§ TASK TO COMPLETE
Transcribe the data below verbatim from the line with "-P 8200 10250" to the line with "H 6650 9950". Include both of those lines.

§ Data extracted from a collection
◆ ◆ ◆ ◆ ◆ ◆ ◆

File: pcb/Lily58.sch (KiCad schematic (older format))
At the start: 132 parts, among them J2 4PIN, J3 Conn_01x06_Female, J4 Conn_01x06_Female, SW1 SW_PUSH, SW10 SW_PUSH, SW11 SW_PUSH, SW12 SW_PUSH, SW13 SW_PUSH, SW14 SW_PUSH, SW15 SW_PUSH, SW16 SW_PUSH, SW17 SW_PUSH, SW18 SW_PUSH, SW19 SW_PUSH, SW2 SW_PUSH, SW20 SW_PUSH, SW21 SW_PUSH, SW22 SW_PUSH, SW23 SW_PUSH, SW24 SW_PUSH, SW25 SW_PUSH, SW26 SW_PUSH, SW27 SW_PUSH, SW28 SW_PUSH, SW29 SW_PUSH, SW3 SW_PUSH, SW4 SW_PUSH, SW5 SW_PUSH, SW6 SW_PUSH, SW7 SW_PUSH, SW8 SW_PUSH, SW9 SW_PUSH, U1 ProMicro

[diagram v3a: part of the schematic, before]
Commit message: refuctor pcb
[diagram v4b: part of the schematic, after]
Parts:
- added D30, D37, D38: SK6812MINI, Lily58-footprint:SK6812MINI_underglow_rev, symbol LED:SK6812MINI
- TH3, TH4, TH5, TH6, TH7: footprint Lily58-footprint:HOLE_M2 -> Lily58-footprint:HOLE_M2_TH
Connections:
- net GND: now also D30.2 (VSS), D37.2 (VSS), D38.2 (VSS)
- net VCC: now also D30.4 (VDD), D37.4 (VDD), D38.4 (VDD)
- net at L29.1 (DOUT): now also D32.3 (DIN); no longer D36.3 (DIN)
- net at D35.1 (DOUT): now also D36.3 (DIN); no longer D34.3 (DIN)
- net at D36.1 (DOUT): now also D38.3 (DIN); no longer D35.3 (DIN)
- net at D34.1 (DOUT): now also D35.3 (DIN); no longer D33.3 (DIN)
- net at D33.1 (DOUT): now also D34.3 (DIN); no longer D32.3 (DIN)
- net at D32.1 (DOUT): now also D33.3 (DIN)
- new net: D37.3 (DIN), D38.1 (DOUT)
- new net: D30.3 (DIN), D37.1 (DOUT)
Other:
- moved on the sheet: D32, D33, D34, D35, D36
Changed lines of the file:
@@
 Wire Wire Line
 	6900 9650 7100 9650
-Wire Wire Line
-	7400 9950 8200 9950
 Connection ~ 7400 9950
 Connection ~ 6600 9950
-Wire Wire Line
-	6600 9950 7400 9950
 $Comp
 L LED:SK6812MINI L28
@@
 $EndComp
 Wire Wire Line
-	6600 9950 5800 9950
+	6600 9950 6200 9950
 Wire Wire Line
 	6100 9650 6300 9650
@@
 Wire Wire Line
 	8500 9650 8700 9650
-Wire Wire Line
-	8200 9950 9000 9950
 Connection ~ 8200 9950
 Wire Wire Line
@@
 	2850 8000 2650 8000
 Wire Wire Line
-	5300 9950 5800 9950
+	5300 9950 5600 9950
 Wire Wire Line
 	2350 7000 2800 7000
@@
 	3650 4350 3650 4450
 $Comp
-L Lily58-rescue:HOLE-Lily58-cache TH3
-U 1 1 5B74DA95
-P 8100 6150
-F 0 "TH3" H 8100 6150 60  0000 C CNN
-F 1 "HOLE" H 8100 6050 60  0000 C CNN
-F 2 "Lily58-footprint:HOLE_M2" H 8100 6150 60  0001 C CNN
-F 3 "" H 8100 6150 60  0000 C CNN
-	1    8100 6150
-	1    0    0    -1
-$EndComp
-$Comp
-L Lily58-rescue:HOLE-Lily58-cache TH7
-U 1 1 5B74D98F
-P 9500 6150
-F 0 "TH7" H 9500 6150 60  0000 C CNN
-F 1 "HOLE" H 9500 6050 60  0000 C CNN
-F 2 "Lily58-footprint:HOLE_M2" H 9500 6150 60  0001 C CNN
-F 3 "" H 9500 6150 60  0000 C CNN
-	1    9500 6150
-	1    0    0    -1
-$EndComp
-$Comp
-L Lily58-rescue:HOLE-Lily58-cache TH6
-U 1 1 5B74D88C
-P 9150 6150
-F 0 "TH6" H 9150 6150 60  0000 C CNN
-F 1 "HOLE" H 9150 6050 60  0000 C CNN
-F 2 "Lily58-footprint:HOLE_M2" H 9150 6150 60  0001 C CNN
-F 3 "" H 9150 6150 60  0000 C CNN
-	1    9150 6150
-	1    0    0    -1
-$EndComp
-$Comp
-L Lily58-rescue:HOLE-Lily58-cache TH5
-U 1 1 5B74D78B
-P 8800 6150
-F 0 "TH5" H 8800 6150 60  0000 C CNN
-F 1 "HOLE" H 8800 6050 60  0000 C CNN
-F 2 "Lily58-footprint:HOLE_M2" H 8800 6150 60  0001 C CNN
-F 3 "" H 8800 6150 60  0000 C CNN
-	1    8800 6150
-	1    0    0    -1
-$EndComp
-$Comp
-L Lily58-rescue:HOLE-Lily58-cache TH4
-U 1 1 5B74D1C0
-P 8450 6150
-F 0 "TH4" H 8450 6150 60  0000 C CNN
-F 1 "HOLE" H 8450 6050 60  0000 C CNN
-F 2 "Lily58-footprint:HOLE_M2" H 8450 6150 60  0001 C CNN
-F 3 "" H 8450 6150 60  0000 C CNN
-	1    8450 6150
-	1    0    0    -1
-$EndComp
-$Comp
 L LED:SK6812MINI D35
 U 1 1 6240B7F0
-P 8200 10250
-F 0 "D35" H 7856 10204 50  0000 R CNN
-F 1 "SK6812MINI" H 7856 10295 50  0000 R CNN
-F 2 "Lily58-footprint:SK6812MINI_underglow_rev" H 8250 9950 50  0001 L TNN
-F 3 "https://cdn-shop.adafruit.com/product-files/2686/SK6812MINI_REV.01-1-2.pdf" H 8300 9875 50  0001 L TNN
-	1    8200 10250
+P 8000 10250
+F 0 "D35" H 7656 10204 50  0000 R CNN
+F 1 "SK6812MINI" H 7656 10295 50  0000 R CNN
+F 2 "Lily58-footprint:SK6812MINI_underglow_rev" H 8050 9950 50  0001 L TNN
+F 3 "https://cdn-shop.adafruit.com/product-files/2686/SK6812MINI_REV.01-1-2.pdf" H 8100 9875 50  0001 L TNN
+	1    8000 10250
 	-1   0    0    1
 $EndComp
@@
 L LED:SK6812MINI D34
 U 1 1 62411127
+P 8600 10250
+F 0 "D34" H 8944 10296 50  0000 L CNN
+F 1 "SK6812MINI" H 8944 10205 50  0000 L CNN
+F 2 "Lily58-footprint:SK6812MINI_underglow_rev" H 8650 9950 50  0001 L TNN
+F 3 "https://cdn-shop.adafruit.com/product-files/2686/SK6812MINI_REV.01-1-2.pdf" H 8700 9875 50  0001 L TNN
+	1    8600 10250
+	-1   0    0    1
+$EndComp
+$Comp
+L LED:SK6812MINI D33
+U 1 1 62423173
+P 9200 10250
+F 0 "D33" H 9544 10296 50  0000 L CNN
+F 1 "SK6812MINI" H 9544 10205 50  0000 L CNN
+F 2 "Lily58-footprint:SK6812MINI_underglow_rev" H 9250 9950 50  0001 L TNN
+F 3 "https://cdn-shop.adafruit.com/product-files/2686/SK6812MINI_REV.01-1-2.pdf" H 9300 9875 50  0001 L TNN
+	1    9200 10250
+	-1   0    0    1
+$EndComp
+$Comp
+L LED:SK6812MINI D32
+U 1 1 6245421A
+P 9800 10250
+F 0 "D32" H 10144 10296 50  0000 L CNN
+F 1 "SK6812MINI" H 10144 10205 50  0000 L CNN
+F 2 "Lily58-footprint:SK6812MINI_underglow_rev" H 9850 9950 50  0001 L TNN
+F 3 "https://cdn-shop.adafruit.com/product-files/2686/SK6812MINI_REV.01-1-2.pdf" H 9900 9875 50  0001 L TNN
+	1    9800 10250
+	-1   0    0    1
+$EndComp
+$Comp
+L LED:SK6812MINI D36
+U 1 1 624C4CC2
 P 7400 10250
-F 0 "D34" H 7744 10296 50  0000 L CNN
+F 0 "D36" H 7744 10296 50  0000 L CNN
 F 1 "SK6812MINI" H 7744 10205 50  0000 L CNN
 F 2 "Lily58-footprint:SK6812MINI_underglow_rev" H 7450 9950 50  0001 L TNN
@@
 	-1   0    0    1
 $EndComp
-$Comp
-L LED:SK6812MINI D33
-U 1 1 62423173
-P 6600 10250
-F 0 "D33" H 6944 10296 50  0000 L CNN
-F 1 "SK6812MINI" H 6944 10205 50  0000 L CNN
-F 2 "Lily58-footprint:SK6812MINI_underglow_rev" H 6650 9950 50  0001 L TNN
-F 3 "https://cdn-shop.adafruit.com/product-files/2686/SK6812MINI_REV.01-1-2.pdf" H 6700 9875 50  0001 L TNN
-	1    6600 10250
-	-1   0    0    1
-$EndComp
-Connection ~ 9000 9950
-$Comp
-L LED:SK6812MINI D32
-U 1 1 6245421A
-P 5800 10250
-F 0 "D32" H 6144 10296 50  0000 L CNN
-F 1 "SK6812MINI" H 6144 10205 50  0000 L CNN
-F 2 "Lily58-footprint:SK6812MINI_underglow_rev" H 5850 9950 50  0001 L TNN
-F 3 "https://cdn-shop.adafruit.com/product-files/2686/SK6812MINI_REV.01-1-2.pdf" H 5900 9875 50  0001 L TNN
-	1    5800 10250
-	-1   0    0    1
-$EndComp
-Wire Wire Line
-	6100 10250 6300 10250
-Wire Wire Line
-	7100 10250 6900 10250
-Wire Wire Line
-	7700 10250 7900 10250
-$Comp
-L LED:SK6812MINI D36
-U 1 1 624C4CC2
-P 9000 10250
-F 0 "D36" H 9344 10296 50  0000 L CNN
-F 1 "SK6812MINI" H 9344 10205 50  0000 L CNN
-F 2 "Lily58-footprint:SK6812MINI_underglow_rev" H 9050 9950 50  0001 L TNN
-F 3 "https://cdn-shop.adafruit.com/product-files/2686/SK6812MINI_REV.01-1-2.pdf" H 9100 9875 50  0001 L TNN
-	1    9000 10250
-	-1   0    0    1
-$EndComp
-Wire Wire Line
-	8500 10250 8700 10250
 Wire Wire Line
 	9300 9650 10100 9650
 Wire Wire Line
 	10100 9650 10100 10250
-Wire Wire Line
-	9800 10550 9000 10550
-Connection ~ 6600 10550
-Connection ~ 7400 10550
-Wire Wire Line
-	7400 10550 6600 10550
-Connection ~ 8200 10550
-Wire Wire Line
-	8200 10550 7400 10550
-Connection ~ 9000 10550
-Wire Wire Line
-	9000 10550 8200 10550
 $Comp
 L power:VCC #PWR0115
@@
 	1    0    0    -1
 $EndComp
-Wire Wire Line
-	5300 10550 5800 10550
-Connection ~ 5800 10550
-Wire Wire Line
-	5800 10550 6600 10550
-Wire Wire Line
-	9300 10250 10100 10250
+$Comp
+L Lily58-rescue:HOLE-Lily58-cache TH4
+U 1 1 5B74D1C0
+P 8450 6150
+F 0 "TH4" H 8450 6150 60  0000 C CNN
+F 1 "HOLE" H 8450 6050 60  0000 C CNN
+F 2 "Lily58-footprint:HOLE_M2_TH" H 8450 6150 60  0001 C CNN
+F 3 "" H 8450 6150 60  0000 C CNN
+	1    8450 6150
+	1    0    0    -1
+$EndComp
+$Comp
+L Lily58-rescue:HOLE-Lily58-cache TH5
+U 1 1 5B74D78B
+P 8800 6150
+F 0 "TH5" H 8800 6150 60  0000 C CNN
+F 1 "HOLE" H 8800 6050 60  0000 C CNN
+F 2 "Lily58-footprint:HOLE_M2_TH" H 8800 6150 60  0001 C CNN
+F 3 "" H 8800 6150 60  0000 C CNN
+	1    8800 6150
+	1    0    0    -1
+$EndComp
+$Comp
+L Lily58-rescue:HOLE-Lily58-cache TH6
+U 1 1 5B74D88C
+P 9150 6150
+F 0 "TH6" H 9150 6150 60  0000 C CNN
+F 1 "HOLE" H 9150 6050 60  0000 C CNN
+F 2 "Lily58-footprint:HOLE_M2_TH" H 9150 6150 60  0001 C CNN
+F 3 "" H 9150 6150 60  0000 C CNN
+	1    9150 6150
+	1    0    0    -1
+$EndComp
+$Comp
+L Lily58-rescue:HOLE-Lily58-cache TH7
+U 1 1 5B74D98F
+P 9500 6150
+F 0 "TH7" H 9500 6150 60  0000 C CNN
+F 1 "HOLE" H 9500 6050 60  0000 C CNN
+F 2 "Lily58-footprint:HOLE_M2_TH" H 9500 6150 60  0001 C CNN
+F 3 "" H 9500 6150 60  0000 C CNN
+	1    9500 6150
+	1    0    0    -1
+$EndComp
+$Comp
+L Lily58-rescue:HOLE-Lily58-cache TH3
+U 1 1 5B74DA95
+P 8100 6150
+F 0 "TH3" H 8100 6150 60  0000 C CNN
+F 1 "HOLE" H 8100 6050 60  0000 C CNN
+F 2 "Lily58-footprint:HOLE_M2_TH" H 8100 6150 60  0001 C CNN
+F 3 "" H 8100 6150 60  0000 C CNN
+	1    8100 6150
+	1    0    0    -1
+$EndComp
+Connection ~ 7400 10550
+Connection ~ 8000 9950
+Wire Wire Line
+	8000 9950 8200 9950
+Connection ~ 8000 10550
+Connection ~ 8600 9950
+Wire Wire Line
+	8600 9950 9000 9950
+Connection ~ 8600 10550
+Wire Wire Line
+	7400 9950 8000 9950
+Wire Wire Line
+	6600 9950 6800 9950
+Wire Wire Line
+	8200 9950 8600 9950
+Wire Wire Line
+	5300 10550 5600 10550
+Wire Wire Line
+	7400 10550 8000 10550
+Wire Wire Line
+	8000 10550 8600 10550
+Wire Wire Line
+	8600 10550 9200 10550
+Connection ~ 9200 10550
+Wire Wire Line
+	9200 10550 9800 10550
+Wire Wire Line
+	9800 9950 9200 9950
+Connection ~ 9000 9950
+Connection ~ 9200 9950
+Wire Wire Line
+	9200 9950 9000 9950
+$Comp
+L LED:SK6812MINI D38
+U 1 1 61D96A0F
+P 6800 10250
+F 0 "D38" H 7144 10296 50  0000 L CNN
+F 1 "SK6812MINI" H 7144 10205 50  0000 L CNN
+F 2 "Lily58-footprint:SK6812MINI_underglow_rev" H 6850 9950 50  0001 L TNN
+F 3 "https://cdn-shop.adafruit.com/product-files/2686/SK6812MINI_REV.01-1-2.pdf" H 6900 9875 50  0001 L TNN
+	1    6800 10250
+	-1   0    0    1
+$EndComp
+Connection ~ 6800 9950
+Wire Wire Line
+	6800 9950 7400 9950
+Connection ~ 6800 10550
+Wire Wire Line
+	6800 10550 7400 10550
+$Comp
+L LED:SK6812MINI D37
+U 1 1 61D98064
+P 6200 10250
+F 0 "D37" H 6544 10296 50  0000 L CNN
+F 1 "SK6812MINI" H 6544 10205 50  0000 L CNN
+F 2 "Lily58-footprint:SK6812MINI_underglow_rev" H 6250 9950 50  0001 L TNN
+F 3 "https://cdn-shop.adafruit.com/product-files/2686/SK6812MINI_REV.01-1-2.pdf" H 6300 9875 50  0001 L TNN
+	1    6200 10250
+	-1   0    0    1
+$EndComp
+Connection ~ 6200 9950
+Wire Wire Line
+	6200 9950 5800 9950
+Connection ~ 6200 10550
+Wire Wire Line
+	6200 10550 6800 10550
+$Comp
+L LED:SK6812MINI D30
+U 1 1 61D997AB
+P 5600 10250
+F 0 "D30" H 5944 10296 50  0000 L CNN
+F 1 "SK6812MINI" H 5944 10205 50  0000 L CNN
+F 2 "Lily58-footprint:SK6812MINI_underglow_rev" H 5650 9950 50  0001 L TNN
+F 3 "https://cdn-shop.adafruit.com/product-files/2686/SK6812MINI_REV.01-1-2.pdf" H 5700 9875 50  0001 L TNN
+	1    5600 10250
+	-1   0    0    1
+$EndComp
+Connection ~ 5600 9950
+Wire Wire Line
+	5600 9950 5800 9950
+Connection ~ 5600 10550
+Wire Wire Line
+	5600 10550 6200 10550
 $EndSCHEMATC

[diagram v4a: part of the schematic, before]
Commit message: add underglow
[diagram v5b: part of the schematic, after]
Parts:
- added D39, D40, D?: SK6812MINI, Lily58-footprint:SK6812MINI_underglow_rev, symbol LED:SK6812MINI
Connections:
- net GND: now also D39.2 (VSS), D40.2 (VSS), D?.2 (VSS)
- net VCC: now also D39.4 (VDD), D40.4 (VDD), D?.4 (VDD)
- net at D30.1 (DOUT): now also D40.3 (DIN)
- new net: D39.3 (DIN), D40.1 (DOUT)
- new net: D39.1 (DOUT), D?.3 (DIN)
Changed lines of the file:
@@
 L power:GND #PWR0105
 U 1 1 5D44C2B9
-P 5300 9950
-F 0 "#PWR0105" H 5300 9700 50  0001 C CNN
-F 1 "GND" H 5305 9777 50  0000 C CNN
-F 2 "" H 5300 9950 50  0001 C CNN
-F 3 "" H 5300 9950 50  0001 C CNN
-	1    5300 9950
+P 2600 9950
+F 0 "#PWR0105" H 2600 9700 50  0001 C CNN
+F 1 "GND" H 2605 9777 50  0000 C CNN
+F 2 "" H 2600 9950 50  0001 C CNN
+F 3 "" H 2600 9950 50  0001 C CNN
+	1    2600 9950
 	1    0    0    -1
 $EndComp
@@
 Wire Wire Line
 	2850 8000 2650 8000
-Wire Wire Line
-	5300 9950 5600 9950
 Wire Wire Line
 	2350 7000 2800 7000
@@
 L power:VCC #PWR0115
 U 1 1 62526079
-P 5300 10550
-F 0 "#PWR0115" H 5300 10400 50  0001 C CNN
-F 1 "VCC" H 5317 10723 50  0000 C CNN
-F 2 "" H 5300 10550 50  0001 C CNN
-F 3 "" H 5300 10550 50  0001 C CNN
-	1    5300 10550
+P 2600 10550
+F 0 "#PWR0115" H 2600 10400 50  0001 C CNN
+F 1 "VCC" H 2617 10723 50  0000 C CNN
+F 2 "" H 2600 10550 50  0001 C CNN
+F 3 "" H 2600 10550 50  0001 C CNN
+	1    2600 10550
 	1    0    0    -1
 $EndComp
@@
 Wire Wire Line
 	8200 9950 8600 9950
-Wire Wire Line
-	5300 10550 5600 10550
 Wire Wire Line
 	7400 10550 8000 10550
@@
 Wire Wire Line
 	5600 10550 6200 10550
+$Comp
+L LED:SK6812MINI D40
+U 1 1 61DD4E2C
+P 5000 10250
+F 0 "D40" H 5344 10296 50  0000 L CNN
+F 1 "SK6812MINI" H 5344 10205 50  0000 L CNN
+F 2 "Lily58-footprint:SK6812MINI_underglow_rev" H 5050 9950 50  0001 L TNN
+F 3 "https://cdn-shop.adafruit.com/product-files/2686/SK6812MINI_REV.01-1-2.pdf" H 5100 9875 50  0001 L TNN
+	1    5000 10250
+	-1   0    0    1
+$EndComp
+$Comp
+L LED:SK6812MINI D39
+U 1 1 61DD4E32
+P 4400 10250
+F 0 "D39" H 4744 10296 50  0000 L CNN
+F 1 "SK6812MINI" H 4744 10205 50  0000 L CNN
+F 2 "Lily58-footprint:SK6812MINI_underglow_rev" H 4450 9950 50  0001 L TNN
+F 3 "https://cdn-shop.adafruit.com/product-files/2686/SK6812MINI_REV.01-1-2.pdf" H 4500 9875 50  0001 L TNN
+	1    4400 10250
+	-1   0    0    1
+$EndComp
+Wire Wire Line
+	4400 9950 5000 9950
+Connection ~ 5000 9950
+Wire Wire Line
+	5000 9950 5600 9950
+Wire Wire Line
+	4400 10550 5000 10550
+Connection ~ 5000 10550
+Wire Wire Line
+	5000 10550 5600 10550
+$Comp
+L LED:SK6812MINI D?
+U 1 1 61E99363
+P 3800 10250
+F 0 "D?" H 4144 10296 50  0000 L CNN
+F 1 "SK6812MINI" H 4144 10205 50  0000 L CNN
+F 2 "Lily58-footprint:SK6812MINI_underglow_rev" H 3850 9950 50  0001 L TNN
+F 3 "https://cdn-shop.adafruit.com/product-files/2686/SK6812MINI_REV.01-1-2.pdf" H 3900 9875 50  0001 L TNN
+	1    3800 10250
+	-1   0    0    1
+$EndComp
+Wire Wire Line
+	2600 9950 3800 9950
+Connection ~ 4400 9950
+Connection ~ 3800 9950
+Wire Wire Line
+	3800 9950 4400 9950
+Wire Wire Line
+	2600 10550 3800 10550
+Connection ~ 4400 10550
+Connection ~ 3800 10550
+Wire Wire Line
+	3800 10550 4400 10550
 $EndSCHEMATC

◆ ◆ ◆ ◆ ◆ ◆ ◆

§ RESPONSE BOX
-P 8200 10250
-F 0 "D35" H 7856 10204 50  0000 R CNN
-F 1 "SK6812MINI" H 7856 10295 50  0000 R CNN
-F 2 "Lily58-footprint:SK6812MINI_underglow_rev" H 8250 9950 50  0001 L TNN
-F 3 "https://cdn-shop.adafruit.com/product-files/2686/SK6812MINI_REV.01-1-2.pdf" H 8300 9875 50  0001 L TNN
-	1    8200 10250
+P 8000 10250
+F 0 "D35" H 7656 10204 50  0000 R CNN
+F 1 "SK6812MINI" H 7656 10295 50  0000 R CNN
+F 2 "Lily58-footprint:SK6812MINI_underglow_rev" H 8050 9950 50  0001 L TNN
+F 3 "https://cdn-shop.adafruit.com/product-files/2686/SK6812MINI_REV.01-1-2.pdf" H 8100 9875 50  0001 L TNN
+	1    8000 10250
 	-1   0    0    1
 $EndComp
@@
 L LED:SK6812MINI D34
 U 1 1 62411127
+P 8600 10250
+F 0 "D34" H 8944 10296 50  0000 L CNN
+F 1 "SK6812MINI" H 8944 10205 50  0000 L CNN
+F 2 "Lily58-footprint:SK6812MINI_underglow_rev" H 8650 9950 50  0001 L TNN
+F 3 "https://cdn-shop.adafruit.com/product-files/2686/SK6812MINI_REV.01-1-2.pdf" H 8700 9875 50  0001 L TNN
+	1    8600 10250
+	-1   0    0    1
+$EndComp
+$Comp
+L LED:SK6812MINI D33
+U 1 1 62423173
+P 9200 10250
+F 0 "D33" H 9544 10296 50  0000 L CNN
+F 1 "SK6812MINI" H 9544 10205 50  0000 L CNN
+F 2 "Lily58-footprint:SK6812MINI_underglow_rev" H 9250 9950 50  0001 L TNN
+F 3 "https://cdn-shop.adafruit.com/product-files/2686/SK6812MINI_REV.01-1-2.pdf" H 9300 9875 50  0001 L TNN
+	1    9200 10250
+	-1   0    0    1
+$EndComp
+$Comp
+L LED:SK6812MINI D32
+U 1 1 6245421A
+P 9800 10250
+F 0 "D32" H 10144 10296 50  0000 L CNN
+F 1 "SK6812MINI" H 10144 10205 50  0000 L CNN
+F 2 "Lily58-footprint:SK6812MINI_underglow_rev" H 9850 9950 50  0001 L TNN
+F 3 "https://cdn-shop.adafruit.com/product-files/2686/SK6812MINI_REV.01-1-2.pdf" H 9900 9875 50  0001 L TNN
+	1    9800 10250
+	-1   0    0    1
+$EndComp
+$Comp
+L LED:SK6812MINI D36
+U 1 1 624C4CC2
 P 7400 10250
-F 0 "D34" H 7744 10296 50  0000 L CNN
+F 0 "D36" H 7744 10296 50  0000 L CNN
 F 1 "SK6812MINI" H 7744 10205 50  0000 L CNN
 F 2 "Lily58-footprint:SK6812MINI_underglow_rev" H 7450 9950 50  0001 L TNN
@@
 	-1   0    0    1
 $EndComp
-$Comp
-L LED:SK6812MINI D33
-U 1 1 62423173
-P 6600 10250
-F 0 "D33" H 6944 10296 50  0000 L CNN
-F 1 "SK6812MINI" H 6944 10205 50  0000 L CNN
-F 2 "Lily58-footprint:SK6812MINI_underglow_rev" H 6650 9950 50  0001 L TNN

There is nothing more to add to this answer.